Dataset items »
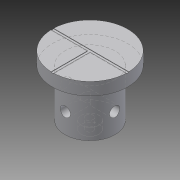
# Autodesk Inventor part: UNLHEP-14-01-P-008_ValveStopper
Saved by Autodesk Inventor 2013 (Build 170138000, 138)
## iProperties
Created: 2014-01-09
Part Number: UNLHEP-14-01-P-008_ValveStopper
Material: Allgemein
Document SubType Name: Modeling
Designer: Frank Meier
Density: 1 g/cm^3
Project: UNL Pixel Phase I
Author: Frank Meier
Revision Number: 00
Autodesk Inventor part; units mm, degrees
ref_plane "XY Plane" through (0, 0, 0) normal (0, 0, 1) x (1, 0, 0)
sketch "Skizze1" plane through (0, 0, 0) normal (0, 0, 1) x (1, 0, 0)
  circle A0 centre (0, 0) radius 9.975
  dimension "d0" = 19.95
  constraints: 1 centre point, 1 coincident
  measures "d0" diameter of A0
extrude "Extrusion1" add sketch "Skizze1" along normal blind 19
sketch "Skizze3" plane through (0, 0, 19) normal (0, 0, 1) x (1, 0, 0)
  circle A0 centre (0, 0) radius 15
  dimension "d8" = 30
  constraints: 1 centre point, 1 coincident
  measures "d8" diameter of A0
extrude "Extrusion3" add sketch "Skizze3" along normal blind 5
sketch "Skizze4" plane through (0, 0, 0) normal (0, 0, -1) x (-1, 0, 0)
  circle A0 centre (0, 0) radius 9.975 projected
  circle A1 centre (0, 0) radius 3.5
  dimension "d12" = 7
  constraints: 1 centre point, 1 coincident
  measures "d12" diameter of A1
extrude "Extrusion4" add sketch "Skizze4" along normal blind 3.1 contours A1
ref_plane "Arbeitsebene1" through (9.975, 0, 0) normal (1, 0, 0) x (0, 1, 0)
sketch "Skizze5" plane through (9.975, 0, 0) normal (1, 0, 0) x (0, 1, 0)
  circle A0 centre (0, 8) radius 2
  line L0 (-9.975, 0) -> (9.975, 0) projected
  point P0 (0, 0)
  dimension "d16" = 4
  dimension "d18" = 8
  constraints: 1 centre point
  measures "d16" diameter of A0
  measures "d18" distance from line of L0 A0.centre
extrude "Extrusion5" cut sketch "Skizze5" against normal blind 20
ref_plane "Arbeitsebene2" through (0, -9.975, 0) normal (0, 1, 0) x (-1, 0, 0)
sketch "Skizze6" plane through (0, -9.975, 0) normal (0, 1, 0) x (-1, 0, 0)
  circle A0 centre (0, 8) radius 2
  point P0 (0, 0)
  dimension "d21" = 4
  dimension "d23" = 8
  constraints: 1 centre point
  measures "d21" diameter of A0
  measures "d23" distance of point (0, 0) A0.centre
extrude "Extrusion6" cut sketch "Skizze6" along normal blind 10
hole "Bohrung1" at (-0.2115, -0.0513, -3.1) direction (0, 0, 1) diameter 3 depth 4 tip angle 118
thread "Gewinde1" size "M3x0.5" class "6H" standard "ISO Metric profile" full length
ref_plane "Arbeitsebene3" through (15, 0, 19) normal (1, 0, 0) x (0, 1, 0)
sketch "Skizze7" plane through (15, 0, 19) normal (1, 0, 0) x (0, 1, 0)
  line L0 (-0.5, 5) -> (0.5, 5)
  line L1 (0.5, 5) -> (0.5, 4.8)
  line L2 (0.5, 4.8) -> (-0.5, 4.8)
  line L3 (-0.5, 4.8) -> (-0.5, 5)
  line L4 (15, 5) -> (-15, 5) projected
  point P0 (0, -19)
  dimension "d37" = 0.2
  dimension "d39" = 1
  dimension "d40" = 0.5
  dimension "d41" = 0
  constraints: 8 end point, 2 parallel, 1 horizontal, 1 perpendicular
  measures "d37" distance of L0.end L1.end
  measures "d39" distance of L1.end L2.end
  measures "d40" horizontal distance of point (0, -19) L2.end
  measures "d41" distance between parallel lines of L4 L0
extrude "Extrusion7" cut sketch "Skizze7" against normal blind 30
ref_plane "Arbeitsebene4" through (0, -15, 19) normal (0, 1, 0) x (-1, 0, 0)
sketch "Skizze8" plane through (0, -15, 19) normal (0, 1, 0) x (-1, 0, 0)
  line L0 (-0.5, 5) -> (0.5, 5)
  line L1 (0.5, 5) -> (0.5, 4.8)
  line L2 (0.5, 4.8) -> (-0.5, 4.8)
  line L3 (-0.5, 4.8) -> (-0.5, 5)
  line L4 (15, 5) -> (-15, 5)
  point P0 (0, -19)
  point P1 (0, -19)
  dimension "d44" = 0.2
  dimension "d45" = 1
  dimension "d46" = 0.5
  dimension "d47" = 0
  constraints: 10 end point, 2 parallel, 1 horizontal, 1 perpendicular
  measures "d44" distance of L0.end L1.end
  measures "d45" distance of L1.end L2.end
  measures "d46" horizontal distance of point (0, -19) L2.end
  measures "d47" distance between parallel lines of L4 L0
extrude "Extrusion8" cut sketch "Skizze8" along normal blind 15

Exercise »
Quote every record above exactly, omitting any pictures they contain.

Answer section »
# Autodesk Inventor part: UNLHEP-14-01-P-008_ValveStopper
Saved by Autodesk Inventor 2013 (Build 170138000, 138)
## iProperties
Created: 2014-01-09
Part Number: UNLHEP-14-01-P-008_ValveStopper
Material: Allgemein
Document SubType Name: Modeling
Designer: Frank Meier
Density: 1 g/cm^3
Project: UNL Pixel Phase I
Author: Frank Meier
Revision Number: 00
Autodesk Inventor part; units mm, degrees
ref_plane "XY Plane" through (0, 0, 0) normal (0, 0, 1) x (1, 0, 0)
sketch "Skizze1" plane through (0, 0, 0) normal (0, 0, 1) x (1, 0, 0)
  circle A0 centre (0, 0) radius 9.975
  dimension "d0" = 19.95
  constraints: 1 centre point, 1 coincident
  measures "d0" diameter of A0
extrude "Extrusion1" add sketch "Skizze1" along normal blind 19
sketch "Skizze3" plane through (0, 0, 19) normal (0, 0, 1) x (1, 0, 0)
  circle A0 centre (0, 0) radius 15
  dimension "d8" = 30
  constraints: 1 centre point, 1 coincident
  measures "d8" diameter of A0
extrude "Extrusion3" add sketch "Skizze3" along normal blind 5
sketch "Skizze4" plane through (0, 0, 0) normal (0, 0, -1) x (-1, 0, 0)
  circle A0 centre (0, 0) radius 9.975 projected
  circle A1 centre (0, 0) radius 3.5
  dimension "d12" = 7
  constraints: 1 centre point, 1 coincident
  measures "d12" diameter of A1
extrude "Extrusion4" add sketch "Skizze4" along normal blind 3.1 contours A1
ref_plane "Arbeitsebene1" through (9.975, 0, 0) normal (1, 0, 0) x (0, 1, 0)
sketch "Skizze5" plane through (9.975, 0, 0) normal (1, 0, 0) x (0, 1, 0)
  circle A0 centre (0, 8) radius 2
  line L0 (-9.975, 0) -> (9.975, 0) projected
  point P0 (0, 0)
  dimension "d16" = 4
  dimension "d18" = 8
  constraints: 1 centre point
  measures "d16" diameter of A0
  measures "d18" distance from line of L0 A0.centre
extrude "Extrusion5" cut sketch "Skizze5" against normal blind 20
ref_plane "Arbeitsebene2" through (0, -9.975, 0) normal (0, 1, 0) x (-1, 0, 0)
sketch "Skizze6" plane through (0, -9.975, 0) normal (0, 1, 0) x (-1, 0, 0)
  circle A0 centre (0, 8) radius 2
  point P0 (0, 0)
  dimension "d21" = 4
  dimension "d23" = 8
  constraints: 1 centre point
  measures "d21" diameter of A0
  measures "d23" distance of point (0, 0) A0.centre
extrude "Extrusion6" cut sketch "Skizze6" along normal blind 10
hole "Bohrung1" at (-0.2115, -0.0513, -3.1) direction (0, 0, 1) diameter 3 depth 4 tip angle 118
thread "Gewinde1" size "M3x0.5" class "6H" standard "ISO Metric profile" full length
ref_plane "Arbeitsebene3" through (15, 0, 19) normal (1, 0, 0) x (0, 1, 0)
sketch "Skizze7" plane through (15, 0, 19) normal (1, 0, 0) x (0, 1, 0)
  line L0 (-0.5, 5) -> (0.5, 5)
  line L1 (0.5, 5) -> (0.5, 4.8)
  line L2 (0.5, 4.8) -> (-0.5, 4.8)
  line L3 (-0.5, 4.8) -> (-0.5, 5)
  line L4 (15, 5) -> (-15, 5) projected
  point P0 (0, -19)
  dimension "d37" = 0.2
  dimension "d39" = 1
  dimension "d40" = 0.5
  dimension "d41" = 0
  constraints: 8 end point, 2 parallel, 1 horizontal, 1 perpendicular
  measures "d37" distance of L0.end L1.end
  measures "d39" distance of L1.end L2.end
  measures "d40" horizontal distance of point (0, -19) L2.end
  measures "d41" distance between parallel lines of L4 L0
extrude "Extrusion7" cut sketch "Skizze7" against normal blind 30
ref_plane "Arbeitsebene4" through (0, -15, 19) normal (0, 1, 0) x (-1, 0, 0)
sketch "Skizze8" plane through (0, -15, 19) normal (0, 1, 0) x (-1, 0, 0)
  line L0 (-0.5, 5) -> (0.5, 5)
  line L1 (0.5, 5) -> (0.5, 4.8)
  line L2 (0.5, 4.8) -> (-0.5, 4.8)
  line L3 (-0.5, 4.8) -> (-0.5, 5)
  line L4 (15, 5) -> (-15, 5)
  point P0 (0, -19)
  point P1 (0, -19)
  dimension "d44" = 0.2
  dimension "d45" = 1
  dimension "d46" = 0.5
  dimension "d47" = 0
  constraints: 10 end point, 2 parallel, 1 horizontal, 1 perpendicular
  measures "d44" distance of L0.end L1.end
  measures "d45" distance of L1.end L2.end
  measures "d46" horizontal distance of point (0, -19) L2.end
  measures "d47" distance between parallel lines of L4 L0
extrude "Extrusion8" cut sketch "Skizze8" along normal blind 15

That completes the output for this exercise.